| DATA SECTION |
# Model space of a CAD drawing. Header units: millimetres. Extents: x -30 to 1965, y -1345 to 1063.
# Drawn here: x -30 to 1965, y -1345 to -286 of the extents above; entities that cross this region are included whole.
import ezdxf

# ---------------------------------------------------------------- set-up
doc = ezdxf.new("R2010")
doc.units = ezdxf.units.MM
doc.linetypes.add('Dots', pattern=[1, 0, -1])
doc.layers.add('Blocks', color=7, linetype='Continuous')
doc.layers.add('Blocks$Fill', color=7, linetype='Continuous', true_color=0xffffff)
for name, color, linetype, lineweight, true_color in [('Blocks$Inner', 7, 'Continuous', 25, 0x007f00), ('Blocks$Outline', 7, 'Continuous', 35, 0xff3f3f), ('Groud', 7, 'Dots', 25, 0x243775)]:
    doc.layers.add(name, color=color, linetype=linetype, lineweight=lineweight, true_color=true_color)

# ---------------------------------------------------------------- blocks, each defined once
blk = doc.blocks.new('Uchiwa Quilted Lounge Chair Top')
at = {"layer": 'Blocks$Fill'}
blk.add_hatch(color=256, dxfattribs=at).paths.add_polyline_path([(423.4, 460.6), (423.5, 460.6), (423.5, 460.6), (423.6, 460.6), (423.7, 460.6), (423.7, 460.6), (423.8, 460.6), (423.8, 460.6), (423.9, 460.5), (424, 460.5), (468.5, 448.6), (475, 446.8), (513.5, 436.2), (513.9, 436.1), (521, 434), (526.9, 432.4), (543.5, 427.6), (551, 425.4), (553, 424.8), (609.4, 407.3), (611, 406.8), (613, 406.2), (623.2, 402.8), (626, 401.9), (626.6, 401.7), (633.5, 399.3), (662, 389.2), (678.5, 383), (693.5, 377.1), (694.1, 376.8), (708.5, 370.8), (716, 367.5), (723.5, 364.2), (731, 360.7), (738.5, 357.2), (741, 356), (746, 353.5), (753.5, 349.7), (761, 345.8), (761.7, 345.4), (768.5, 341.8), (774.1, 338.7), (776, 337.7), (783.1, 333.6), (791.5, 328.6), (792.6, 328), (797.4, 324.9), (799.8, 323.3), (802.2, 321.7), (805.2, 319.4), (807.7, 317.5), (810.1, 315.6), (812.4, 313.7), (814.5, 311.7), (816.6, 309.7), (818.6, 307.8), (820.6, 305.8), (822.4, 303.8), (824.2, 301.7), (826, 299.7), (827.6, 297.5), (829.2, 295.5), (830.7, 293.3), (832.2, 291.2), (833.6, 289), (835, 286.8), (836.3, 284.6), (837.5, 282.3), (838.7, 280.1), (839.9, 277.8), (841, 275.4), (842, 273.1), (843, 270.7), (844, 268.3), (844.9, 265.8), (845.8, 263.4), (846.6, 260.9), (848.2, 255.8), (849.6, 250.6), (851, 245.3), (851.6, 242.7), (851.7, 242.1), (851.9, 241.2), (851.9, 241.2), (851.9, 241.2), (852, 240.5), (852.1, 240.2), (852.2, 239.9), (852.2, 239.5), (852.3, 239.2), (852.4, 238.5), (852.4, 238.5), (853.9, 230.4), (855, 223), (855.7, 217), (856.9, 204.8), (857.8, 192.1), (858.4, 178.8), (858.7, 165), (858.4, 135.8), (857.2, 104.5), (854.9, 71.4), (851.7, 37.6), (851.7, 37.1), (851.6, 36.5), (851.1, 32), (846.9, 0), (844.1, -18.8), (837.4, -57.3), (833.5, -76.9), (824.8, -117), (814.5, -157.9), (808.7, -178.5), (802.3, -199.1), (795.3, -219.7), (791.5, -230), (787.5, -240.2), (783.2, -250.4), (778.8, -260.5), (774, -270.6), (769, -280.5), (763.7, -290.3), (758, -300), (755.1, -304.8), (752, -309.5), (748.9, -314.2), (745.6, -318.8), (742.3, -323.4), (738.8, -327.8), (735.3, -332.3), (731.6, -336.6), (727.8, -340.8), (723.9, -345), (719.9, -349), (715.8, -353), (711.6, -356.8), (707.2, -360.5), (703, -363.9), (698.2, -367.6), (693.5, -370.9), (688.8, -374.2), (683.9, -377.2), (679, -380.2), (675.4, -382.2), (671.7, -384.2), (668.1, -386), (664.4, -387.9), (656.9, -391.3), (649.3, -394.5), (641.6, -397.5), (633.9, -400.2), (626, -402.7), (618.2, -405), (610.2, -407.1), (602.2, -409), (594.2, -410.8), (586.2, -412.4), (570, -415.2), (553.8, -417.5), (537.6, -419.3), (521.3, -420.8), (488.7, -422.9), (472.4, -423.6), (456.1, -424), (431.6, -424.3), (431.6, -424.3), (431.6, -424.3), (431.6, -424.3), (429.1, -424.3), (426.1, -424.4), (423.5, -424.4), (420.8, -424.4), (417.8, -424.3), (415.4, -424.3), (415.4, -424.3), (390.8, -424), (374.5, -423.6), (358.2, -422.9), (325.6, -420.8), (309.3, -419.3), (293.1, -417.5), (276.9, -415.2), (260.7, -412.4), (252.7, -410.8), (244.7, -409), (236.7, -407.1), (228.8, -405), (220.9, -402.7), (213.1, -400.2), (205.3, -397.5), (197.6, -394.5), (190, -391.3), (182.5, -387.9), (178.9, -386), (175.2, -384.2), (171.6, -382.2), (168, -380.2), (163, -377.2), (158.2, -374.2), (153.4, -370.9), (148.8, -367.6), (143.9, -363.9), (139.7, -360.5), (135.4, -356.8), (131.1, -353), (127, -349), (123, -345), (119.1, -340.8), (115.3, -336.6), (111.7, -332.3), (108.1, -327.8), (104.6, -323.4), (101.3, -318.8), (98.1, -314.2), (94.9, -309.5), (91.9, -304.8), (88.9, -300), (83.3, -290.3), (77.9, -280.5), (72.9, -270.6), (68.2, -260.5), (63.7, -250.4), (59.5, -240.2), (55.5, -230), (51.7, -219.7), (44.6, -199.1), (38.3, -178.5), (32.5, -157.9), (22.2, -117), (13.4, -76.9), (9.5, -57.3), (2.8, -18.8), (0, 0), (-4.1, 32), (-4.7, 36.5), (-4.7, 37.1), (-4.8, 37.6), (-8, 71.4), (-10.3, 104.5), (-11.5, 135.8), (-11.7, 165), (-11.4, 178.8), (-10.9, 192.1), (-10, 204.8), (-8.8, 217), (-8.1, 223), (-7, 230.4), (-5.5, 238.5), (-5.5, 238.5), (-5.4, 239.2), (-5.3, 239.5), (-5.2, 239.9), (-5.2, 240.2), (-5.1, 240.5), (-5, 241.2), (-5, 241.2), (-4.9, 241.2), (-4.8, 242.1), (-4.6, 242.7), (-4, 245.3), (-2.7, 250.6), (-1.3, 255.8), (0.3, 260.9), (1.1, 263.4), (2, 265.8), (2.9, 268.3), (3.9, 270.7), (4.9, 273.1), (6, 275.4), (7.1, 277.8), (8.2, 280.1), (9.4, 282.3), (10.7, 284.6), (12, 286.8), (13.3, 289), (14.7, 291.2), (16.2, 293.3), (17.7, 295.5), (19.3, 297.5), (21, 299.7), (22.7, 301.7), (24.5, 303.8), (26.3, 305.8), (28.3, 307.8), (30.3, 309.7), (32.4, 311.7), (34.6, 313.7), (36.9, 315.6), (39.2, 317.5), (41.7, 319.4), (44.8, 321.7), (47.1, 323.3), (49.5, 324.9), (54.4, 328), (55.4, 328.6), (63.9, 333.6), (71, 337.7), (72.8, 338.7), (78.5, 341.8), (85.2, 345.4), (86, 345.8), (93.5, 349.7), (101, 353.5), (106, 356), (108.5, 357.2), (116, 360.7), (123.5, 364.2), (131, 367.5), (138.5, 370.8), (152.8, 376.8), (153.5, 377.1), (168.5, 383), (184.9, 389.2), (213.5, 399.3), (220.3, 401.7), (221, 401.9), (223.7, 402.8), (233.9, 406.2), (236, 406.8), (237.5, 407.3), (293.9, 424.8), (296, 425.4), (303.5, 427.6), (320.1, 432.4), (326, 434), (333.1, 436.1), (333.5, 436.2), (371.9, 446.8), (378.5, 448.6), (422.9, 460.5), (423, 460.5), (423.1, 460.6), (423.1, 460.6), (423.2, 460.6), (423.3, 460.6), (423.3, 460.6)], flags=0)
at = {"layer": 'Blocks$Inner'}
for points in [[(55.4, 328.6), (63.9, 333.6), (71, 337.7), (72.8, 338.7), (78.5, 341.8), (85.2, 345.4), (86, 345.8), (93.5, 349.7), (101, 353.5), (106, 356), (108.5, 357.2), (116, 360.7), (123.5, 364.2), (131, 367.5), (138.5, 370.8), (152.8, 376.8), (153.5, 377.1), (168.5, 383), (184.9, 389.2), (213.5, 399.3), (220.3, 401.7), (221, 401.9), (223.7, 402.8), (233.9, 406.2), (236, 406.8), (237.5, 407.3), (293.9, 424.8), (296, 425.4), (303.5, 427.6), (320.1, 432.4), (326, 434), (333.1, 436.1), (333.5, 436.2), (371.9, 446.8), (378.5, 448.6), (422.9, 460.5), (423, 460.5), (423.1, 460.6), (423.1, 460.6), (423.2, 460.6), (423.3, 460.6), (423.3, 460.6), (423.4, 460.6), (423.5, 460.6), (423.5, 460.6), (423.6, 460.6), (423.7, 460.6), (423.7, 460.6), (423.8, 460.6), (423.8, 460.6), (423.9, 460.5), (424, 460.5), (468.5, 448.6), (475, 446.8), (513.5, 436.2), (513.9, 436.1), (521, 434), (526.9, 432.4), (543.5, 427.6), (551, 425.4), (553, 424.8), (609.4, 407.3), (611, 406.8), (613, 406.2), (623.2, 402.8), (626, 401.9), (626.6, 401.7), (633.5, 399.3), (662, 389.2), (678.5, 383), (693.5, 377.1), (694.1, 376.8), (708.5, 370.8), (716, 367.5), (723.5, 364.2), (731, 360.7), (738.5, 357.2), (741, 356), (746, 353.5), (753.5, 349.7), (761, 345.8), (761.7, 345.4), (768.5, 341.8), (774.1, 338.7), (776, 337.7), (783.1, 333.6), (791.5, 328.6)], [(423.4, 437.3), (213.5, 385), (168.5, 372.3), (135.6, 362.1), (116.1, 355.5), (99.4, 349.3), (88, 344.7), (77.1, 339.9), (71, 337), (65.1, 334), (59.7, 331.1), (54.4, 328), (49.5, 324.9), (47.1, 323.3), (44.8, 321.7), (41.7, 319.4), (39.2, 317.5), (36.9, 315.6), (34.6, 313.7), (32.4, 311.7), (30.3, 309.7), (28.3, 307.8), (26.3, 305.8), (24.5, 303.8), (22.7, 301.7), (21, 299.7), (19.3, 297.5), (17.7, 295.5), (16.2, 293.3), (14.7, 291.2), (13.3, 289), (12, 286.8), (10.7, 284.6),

| PROBLEM |
Repeat exactly the lines above from the one with "doc.units = ezdxf.units.MM" up to and including the one with "color=7, linetype='Continuous', true_color=0xffffff)". No other line belongs in the reply.

| RESULT FOR THIS TASK |
doc.units = ezdxf.units.MM
doc.linetypes.add('Dots', pattern=[1, 0, -1])
doc.layers.add('Blocks', color=7, linetype='Continuous')
doc.layers.add('Blocks$Fill', color=7, linetype='Continuous', true_color=0xffffff)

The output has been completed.